Physicists first caught the gravitational waves from the confluence of stars

On Monday, at a press conference in Washington, scientists officially announced the registration of an astronomical event, which no one registered before – the fusion of two neutron stars. Based on the results of the observation, more than 30 scientific articles were published in five journals, so we can not tell at once about everything. Here is a summary and the most important discoveries.

Astronomers observed the fusion of two neutron stars and the birth of a new black hole.

Neutron stars are objects that appear as a result of explosions of large and massive stars (several times heavier than the Sun). Their dimensions are small (in diameter they are usually not more than 20 kilometers), but the density and mass are huge.

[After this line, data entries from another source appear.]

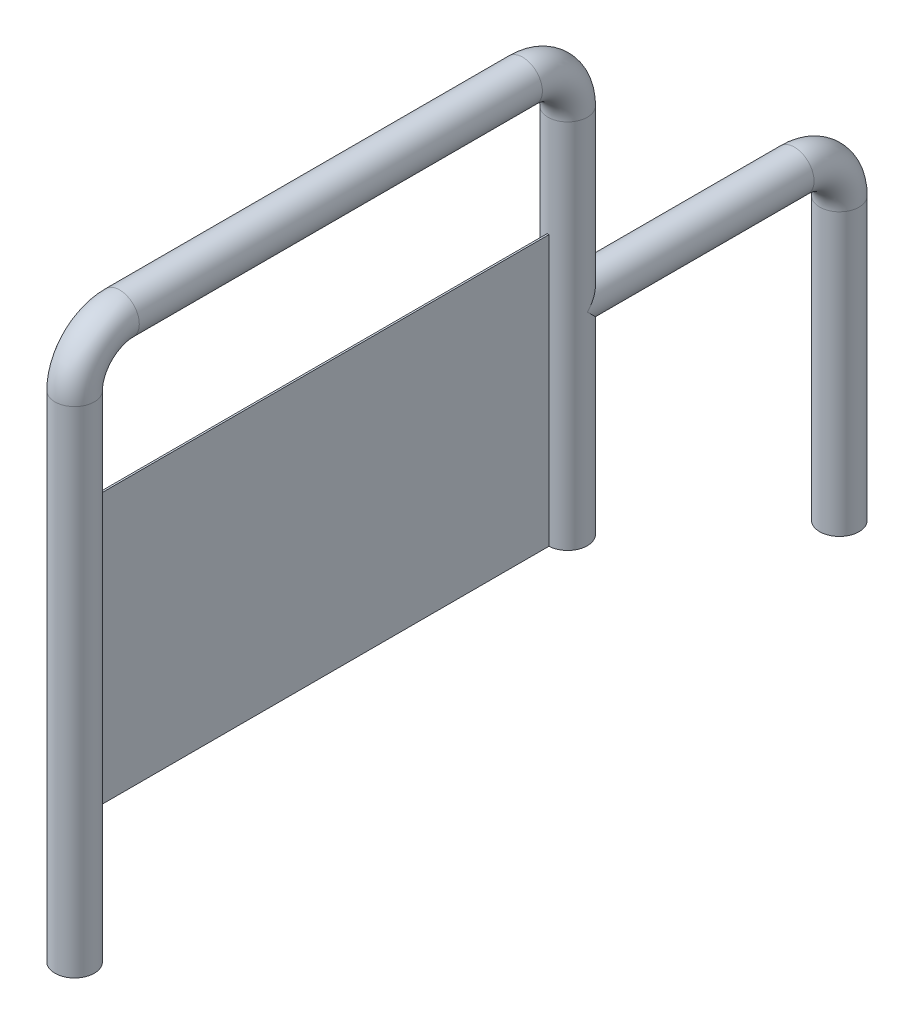
from build123d import *

# Parameters (mm, degrees)
CROQUIS1_R                   = 11.1125
BARRER2_OUTLINE_W            = 11.1125
BARRER2_OUTLINE_H            = 209.55
SALIENTE_EXTRUIR1_DEPTH      = 0.508
SALIENTE_EXTRUIR1_DEPTH_BACK = 0.508
CROQUIS3_W                   = 256.175
CROQUIS3_H                   = 152.4


# Read off the part's stored shape, not the designer's step: Barrer2
with BuildPart() as part:
    # Barrer1: sweep along a path in Croquis2
    with BuildLine(Plane(origin=(0, 0, 0), x_dir=(0, 0, -1), z_dir=(1, 0, 0))) as barrer1_path:
        Line((0, 0), (0, 279.4))
        ThreePointArc((0, 279.4), (7.439487758, 297.360512242), (25.4, 304.8))
        Line((25.4, 304.8), (253, 304.8))
        ThreePointArc((253, 304.8), (270.960512242, 297.360512242), (278.4, 279.4))
        Line((278.4, 279.4), (278.4, 184.15))
        Line((278.4, 184.15), (406.4, 184.15))
        ThreePointArc((406.4, 184.15), (424.360512242, 176.710512242), (431.8, 158.75))
        Line((431.8, 158.75), (431.8, 0))
    # Croquis1 → Barrer1 (sweep)
    with BuildSketch(Plane(origin=(0, 0, 0), x_dir=(1, 0, 0), z_dir=(0, 1, 0))):
        Circle(CROQUIS1_R)
    sweep(path=barrer1_path.line, transition=Transition.RIGHT)

    # Barrer2 outline → Barrer2 (revolve)
    with BuildSketch(Plane.XY.offset(-278.4)):
        with Locations((5.55625, 174.625)):
            Rectangle(BARRER2_OUTLINE_W, BARRER2_OUTLINE_H)
    revolve(axis=Axis((0, 0, -278.4), (0, 1, 0)))


with BuildPart() as body_2:
    # Croquis3 → Saliente-Extruir1 (new, two sides: drawn at the far end of the back side and taken through both)
    with BuildSketch(Plane(origin=(0, 0, 0), x_dir=(0, 0, -1), z_dir=(1, 0, 0)).offset(-SALIENTE_EXTRUIR1_DEPTH_BACK)):
        with Locations((139.2, 146.05)):
            Rectangle(CROQUIS3_W, CROQUIS3_H)
    extrude(amount=SALIENTE_EXTRUIR1_DEPTH + SALIENTE_EXTRUIR1_DEPTH_BACK)


solid = Compound([part.part, body_2.part])
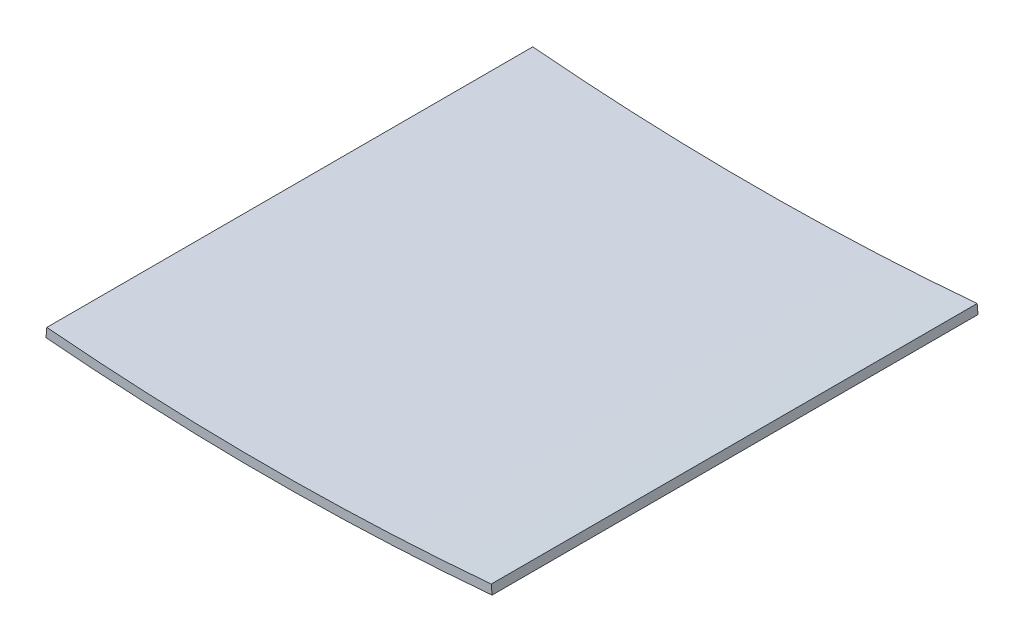
from build123d import *

# Parameters (mm, degrees)
SM_BASE_FLANGE_1_DEPTH = 105


# Sheet-metal steps are written as plain solids
with BuildPart() as part:
    # Sketch 1 → 基体-法兰1 (new body)
    with BuildSketch(Plane.XY):
        with BuildLine():
            ThreePointArc((-48.197125739, -550.895668045), (0, -553), (48.197125739, -550.895668045))
            Line((48.197125739, -550.895668045), (48.022814254, -548.903278649))
            ThreePointArc((48.022814254, -548.903278649), (0, -551), (-48.022814254, -548.903278649))
            Line((-48.022814254, -548.903278649), (-48.197125739, -550.895668045))
        make_face()
    extrude(amount=SM_BASE_FLANGE_1_DEPTH)


solid = part.part

As a result of the fusion of two neutron stars in 130 million light-years from the Earth, a black hole was formed – an object even more massive and dense than a neutron star. The fusion of stars and the formation of a black hole was accompanied by the release of enormous energy in the form of gravitational, gamma and optical radiation. All three types of radiation were recorded by terrestrial and orbital telescopes. Gravitational wave recorded observatories LIGO and VIRGO.

This gravitational wave was the most high-energy of all, observed so far.

All types of radiation reached the Earth on August 17. First, the ground-based laser interferometers LIGO and Virgo recorded periodic compression and expansion of space-time – a gravitational wave that several times rounded the globe. The event that generated the gravity wave was called GRB170817A. A few seconds later, the NASA’s Fermi gamma telescope registered high energy photons in the gamma range.

And then something began: after receiving a warning from the LIGO / Virgo collaboration, astronomers around the Earth tuned their telescopes to the coordinates of the radiation source.

On this day, large and small, terrestrial and orbital telescopes, working in all ranges, looked at one point in space.

Based on the results of observations at the University of California (Berkeley), a computer simulation of the fusion of neutron stars was made. Both stars were, apparently, a mass slightly larger than the Sun (but with a much smaller radius). These two balls of incredible density circled around each other, constantly accelerating. Here’s how it was:

As a result of the fusion of neutron stars into space, atoms of heavy elements-gold, uranium, platinum, have fallen into space; astronomers believe that such events are the main source of these elements in the universe. Optical telescopes first “saw” blue visible light, and then ultraviolet radiation, which was replaced by red light and radiation in the infrared range.

This sequence coincides with the theoretical predictions. According to theory, colliding, neutron stars lose part of the matter – it is sprayed around the site of the collision by a huge cloud of neutrons and protons. When a black hole begins to form, an accretion disk is formed around it, in which the particles rotate at a huge speed – so huge that some overcome the attraction of the black hole and fly away.

This fate expects about 2% of the substance of the colliding stars. This substance forms around a black hole a cloud with a diameter of tens of thousands of kilometers and a density approximately equal to the density of the Sun. Protons and neutrons, of which this cloud consists, coalesce, forming atomic nuclei. Then the decay of these nuclei begins. The radiation of decaying nuclei was observed by terrestrial astronomers for several days. For millions of years, since the event GRB170817A, this radiation has filled the entire galaxy.